Field was deeply conflicted about what he wanted to see happen in the Tenderloin. “As a social worker, I want to do everything in my power to protect these people from the landlords who would
throw them out,” he said. “They’re evil motherfuckers. But as a San Franciscan, as a guy who likes to walk, I want all this stuff cleaned up.” He was sick of the crime, the prostitution (“as a social worker, I see absolutely no redeeming value in it”), the filth, the drugs.
“When I give my tours,” Field went on, “I ask how many people live in the Tenderloin. More and more people say they do. They’re in their 30s and 40s. They’ve been living here a few years. They’re invested in the neighborhood. OK, they go off to work and they relax. When they come home, they get tense. How long will this go on? And then there are all the Southeast Asians with kids who have moved into the neighborhood. How long will they put up with this?”
In the end, Field came down on the side of letting the Tenderloin be. “I’ve got my dark glasses on so you can’t see me blushing,” he said. “But God help me, I do see it as romantic.”
The tour was over, and I said goodbye to Field. I was glad that he had been my Virgil on this tour of San Francisco’s Purgatory. His ambivalence about the Tenderloin mirrored my own. Like him, I found it appalling and fascinating and consummately strange. And like him, I could not imagine San Francisco without it.

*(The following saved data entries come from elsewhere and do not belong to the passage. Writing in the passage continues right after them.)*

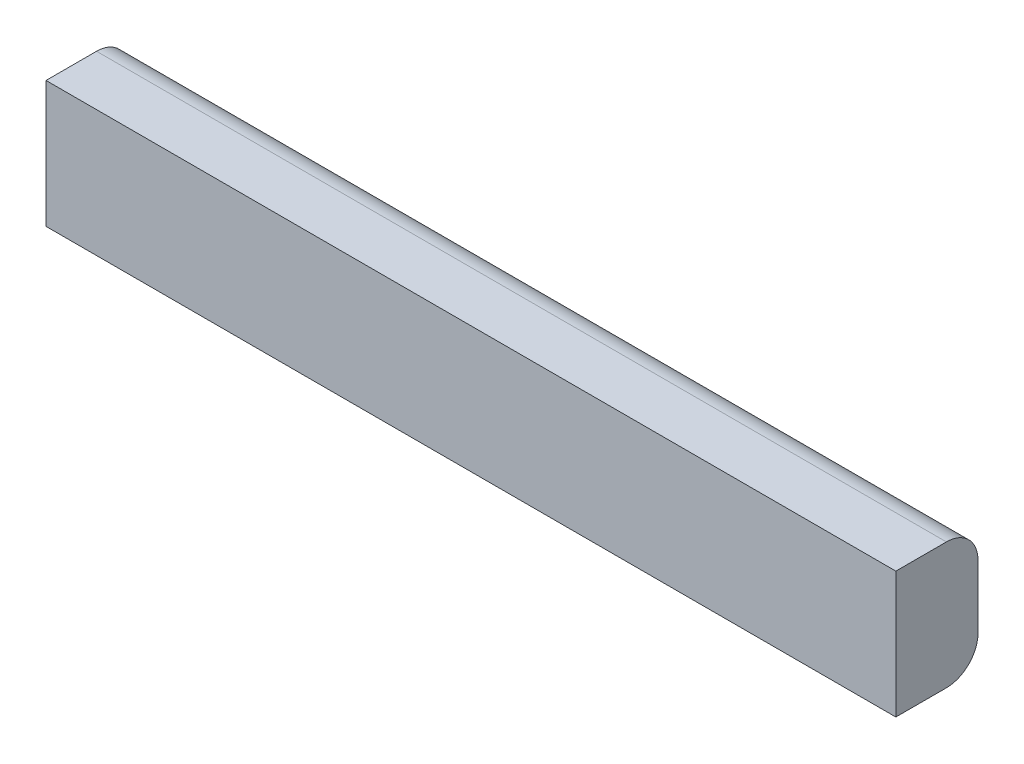
SolidWorks part; units mm, degrees
ref_plane "Front Plane" through (0, 0, 0) normal (0, 0, 1) x (1, 0, 0)
ref_plane "Top Plane" through (0, 0, 0) normal (0, 1, 0) x (1, 0, 0)
ref_plane "Right Plane" through (0, 0, 0) normal (1, 0, 0) x (0, 0, -1)
sketch "Sketch1" plane through (0, 0, 0) normal (1, 0, 0) x (0, 0, -1)
  line L1 (49.3736, 66.0217) -> (-1.4264, 66.0217)
  line L2 (81.1236, 34.2717) -> (81.1236, -29.2283)
  line L3 (49.3736, -60.9783) -> (-1.4264, -60.9783)
  line L4 (-1.4264, 66.0217) -> (-1.4264, -60.9783)
  arc A0 (49.3736, 66.0217) -> (81.1236, 34.2717) centre (49.3736, 34.2717) cw
  arc A1 (81.1236, -29.2283) -> (49.3736, -60.9783) centre (49.3736, -29.2283) cw
  point P8 (81.1236, -60.9783)
  dimension "D3" = 31.75
  dimension "D1" = 127
extrude "Boss-Extrude1" add sketch "Sketch1" along normal mid plane 853.948
equation "\"bumple\"= 24in'bumpler length"
equation "\"D1@Boss-Extrude1\"=\"bumple\""

I went down Mason, turned on Turk, and headed toward the setting sun. People were milling around in front of a defunct old porno arcade. It was still warm, but a cool wind was kicking in from the west. I looked up at the rows of hotels and apartments, once-elegant buildings where countless ordinary working people had lived. All those vanished lives seemed to have sunk into their shabby lobbies and blank windows. In a city without memory, they were still here. There was a sadness about them as they stood there in the harsh slanting rays of the late-afternoon sun, but it was a good sadness, like the peeled apple that falls from the father’s hand at the end of Ozu’s Late Spring. A sadness to keep.
Chapter 3
The Alcatraz Triangle
Harding Rock, submerged between
Alcatraz and Angel Island, San Francisco Bay
Beneath the waters of San Francisco Bay, slightly to the north and west of Alcatraz Island, lie three large submerged rock formations called Harding, Arch, and Shag Rocks. During the 19th century, at low tide Arch Rock used to appear above the bay like the eye of a needle, attracting daredevils who would try to row through it. This pastime was abandoned after two young men were killed when their rowboat was smashed against the arch by a heavy swell. “The forty-niner cannot recall the day when this picturesque menace to navigation was not anathematized by the sailor man,” noted the Portland New Age in 1900. Arch Rock was saved for a while by “the sentimental opposition of a few veteran Californians who hated to see their odd-looking old friend disappear forever,” but the rock was dynamited in 1901.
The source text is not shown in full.